[Records from a dataset]
┄┄┄┄┄┄

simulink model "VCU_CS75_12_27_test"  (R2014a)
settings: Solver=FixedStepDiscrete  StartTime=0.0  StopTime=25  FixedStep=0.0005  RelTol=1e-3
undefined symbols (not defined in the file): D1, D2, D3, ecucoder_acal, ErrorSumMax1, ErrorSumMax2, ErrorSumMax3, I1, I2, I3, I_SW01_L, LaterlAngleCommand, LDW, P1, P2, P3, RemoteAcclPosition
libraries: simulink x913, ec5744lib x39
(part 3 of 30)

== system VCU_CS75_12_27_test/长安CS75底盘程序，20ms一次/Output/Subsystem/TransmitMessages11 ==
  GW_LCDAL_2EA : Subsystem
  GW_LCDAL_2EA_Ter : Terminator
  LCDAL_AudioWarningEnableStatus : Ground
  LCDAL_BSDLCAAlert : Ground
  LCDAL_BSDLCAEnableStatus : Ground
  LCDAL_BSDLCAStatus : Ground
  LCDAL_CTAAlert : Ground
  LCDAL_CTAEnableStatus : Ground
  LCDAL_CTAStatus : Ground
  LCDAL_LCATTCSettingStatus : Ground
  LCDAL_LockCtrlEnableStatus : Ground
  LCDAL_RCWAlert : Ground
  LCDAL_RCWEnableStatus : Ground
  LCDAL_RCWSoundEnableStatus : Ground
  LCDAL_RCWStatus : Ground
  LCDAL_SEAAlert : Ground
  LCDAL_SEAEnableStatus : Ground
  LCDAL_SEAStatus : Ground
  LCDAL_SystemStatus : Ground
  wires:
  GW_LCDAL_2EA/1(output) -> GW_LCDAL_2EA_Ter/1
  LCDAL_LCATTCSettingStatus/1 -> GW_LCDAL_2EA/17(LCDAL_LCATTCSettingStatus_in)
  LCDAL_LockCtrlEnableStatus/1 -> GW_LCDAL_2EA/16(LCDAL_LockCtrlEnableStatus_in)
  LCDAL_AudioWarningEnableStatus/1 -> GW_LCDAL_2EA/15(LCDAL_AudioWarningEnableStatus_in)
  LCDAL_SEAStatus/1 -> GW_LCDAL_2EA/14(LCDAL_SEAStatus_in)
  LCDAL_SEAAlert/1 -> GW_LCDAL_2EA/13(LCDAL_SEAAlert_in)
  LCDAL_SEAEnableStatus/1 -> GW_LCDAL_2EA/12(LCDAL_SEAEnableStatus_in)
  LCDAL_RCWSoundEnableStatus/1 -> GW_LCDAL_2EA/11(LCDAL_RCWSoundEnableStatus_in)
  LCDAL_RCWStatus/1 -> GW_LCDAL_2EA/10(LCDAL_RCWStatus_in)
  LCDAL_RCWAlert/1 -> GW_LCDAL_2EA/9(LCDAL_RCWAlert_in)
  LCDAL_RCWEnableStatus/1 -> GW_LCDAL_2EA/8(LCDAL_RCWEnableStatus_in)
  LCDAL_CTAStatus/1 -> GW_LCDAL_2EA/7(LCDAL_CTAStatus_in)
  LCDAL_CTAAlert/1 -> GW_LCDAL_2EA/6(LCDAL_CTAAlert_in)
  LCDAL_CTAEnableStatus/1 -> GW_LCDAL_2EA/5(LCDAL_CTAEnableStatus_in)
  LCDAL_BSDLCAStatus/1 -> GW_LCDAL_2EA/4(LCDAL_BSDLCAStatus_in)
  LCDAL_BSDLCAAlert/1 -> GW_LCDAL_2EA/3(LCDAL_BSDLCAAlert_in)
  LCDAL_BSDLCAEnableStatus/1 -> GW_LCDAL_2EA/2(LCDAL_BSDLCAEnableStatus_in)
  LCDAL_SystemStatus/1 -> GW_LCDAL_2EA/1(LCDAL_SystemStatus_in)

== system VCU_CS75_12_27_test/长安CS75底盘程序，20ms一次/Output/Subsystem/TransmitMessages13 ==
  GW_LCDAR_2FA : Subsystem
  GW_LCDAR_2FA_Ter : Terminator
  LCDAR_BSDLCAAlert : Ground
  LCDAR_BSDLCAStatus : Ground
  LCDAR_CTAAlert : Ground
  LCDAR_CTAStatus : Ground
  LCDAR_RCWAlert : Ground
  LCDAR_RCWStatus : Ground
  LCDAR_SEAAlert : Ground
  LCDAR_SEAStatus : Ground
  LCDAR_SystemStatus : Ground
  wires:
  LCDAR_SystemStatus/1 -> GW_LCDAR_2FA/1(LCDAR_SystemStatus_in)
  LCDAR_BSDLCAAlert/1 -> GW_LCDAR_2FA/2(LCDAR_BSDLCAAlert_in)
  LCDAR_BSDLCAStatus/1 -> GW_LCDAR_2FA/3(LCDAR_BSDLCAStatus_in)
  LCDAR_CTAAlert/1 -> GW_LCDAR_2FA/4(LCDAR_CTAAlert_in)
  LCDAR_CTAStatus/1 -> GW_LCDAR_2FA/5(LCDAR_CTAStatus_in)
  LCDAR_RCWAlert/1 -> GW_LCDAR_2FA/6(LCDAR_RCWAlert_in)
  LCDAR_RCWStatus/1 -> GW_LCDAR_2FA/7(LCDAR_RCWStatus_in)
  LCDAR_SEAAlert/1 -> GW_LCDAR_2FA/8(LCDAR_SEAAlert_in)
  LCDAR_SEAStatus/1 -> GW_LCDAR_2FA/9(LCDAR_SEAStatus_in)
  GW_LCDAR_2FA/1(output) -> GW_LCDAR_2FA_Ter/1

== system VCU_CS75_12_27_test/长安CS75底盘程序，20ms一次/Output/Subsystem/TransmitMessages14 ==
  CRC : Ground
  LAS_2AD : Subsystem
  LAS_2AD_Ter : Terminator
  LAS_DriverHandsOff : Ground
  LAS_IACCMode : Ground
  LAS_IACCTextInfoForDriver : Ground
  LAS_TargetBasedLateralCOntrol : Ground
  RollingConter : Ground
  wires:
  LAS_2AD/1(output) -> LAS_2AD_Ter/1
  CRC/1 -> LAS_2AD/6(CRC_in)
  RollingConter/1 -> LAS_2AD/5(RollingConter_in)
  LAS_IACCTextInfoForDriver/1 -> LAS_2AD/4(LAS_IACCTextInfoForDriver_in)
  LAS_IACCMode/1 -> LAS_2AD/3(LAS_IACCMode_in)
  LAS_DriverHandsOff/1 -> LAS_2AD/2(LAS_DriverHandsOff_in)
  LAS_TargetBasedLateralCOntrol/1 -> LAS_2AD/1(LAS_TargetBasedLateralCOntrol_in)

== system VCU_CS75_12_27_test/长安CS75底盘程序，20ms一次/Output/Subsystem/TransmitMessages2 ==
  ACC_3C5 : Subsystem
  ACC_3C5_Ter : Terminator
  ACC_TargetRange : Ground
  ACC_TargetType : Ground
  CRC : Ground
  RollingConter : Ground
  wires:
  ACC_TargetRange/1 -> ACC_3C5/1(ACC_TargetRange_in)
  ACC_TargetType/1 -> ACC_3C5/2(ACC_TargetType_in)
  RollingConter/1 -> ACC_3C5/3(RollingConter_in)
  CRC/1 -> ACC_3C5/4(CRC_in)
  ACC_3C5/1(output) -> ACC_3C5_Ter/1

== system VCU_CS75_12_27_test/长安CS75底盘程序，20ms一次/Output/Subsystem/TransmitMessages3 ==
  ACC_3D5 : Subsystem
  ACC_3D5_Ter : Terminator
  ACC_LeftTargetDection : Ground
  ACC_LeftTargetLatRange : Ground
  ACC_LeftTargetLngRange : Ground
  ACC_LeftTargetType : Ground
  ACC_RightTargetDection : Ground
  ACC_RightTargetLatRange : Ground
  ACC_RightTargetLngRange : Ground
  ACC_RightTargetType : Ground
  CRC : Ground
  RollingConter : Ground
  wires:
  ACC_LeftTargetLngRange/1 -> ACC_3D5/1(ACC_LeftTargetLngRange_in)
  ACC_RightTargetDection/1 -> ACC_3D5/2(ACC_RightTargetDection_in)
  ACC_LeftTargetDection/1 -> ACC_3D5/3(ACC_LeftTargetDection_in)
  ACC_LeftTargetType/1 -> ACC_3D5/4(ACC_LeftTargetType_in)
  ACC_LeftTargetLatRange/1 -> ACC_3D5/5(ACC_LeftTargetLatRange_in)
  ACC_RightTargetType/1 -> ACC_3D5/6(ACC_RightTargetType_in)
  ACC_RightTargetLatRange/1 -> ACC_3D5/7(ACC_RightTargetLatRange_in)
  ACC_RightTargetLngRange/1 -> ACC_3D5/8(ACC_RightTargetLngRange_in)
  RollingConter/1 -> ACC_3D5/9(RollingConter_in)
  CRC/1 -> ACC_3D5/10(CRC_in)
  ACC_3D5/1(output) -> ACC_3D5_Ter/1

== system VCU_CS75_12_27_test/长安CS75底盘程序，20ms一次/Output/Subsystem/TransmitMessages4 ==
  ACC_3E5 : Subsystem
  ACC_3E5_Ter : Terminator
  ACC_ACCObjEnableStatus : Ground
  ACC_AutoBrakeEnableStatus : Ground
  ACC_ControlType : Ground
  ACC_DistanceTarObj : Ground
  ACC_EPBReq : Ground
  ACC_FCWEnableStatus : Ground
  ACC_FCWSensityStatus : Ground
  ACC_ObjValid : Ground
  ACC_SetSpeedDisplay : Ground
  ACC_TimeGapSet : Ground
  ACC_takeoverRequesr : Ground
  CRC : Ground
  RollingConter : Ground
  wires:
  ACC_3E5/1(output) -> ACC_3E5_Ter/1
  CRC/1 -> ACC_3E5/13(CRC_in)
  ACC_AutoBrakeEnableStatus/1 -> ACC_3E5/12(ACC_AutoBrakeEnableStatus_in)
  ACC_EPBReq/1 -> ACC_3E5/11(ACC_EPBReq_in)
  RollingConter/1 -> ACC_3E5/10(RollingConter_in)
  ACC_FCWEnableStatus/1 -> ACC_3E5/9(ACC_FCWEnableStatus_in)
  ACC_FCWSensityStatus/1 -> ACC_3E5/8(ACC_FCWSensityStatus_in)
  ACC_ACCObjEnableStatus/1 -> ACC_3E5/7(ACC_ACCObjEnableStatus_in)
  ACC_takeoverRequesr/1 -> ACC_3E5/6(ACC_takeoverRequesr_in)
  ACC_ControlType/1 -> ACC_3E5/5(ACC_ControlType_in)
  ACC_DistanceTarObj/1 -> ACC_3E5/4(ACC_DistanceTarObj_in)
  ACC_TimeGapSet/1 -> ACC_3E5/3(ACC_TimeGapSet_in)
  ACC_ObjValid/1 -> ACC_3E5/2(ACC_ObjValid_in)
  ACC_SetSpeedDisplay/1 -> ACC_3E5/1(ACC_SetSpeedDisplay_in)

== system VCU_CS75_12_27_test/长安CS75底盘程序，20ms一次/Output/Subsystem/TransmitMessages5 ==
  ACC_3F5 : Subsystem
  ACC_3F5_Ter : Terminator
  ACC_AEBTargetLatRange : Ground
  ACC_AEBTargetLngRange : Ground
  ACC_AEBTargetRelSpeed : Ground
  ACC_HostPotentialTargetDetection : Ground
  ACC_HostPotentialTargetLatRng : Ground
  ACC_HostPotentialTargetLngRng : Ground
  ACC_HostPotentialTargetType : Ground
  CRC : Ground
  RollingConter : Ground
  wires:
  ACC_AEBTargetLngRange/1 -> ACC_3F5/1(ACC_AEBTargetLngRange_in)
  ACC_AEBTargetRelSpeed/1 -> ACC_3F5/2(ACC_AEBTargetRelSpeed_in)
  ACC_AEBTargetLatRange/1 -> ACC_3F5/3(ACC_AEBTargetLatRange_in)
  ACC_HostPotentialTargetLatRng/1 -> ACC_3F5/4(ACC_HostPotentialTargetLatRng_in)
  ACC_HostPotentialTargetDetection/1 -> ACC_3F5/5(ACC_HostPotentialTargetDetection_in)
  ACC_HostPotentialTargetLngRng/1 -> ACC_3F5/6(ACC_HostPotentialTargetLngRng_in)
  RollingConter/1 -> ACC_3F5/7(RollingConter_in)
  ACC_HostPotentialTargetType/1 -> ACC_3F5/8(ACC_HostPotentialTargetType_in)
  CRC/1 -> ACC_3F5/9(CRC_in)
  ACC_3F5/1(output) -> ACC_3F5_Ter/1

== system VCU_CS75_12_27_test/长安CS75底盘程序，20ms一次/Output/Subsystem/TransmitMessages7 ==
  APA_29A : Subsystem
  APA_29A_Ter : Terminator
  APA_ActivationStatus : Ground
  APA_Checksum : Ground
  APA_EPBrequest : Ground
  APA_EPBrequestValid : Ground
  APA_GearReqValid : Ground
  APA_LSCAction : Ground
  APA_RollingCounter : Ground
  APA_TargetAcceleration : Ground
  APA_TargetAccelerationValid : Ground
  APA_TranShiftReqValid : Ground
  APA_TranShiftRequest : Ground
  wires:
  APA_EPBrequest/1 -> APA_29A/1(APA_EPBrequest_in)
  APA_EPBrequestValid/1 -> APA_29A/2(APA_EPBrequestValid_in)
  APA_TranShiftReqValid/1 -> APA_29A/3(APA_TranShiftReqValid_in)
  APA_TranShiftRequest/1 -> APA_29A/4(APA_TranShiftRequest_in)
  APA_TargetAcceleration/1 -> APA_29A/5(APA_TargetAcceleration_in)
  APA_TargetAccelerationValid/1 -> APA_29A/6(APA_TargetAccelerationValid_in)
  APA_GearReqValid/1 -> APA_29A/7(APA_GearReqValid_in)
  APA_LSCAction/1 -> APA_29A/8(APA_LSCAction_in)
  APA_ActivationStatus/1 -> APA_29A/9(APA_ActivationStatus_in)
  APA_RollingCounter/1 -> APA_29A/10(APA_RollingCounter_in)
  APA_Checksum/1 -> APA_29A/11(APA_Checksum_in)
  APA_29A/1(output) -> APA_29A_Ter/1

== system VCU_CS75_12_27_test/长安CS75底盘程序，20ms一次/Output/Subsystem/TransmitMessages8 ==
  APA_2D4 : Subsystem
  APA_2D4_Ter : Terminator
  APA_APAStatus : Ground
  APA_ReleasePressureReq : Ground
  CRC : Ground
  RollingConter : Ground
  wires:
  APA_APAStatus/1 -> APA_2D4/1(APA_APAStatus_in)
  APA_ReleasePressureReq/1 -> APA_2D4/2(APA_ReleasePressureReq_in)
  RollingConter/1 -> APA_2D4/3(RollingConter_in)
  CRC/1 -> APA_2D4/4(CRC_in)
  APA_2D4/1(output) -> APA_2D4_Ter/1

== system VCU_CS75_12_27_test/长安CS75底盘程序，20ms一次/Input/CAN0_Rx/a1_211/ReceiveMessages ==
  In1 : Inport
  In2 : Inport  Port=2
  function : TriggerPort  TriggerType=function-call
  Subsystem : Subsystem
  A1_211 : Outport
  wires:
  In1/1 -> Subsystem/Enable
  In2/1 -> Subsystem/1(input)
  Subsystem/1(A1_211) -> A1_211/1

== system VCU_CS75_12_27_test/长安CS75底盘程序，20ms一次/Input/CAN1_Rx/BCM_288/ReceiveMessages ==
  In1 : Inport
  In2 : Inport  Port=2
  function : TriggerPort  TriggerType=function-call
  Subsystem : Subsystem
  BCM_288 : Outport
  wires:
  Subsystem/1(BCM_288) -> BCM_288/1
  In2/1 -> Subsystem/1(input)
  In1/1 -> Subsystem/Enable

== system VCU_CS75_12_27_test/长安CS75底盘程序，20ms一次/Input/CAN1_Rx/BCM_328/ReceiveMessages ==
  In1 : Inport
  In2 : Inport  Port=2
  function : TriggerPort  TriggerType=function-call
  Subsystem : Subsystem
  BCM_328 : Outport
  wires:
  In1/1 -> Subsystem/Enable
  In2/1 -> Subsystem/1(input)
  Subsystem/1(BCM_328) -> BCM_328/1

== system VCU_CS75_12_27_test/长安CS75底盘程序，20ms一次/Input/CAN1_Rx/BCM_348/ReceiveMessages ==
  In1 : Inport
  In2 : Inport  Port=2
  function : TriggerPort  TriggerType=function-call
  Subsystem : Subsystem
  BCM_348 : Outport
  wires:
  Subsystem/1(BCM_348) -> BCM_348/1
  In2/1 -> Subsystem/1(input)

┄┄┄┄┄┄

__Assignment__: Print the records above verbatim from their first line to the line containing "(part 3 of 30)", both included, and stop there.

__Solution below__:
simulink model "VCU_CS75_12_27_test"  (R2014a)
settings: Solver=FixedStepDiscrete  StartTime=0.0  StopTime=25  FixedStep=0.0005  RelTol=1e-3
undefined symbols (not defined in the file): D1, D2, D3, ecucoder_acal, ErrorSumMax1, ErrorSumMax2, ErrorSumMax3, I1, I2, I3, I_SW01_L, LaterlAngleCommand, LDW, P1, P2, P3, RemoteAcclPosition
libraries: simulink x913, ec5744lib x39
(part 3 of 30)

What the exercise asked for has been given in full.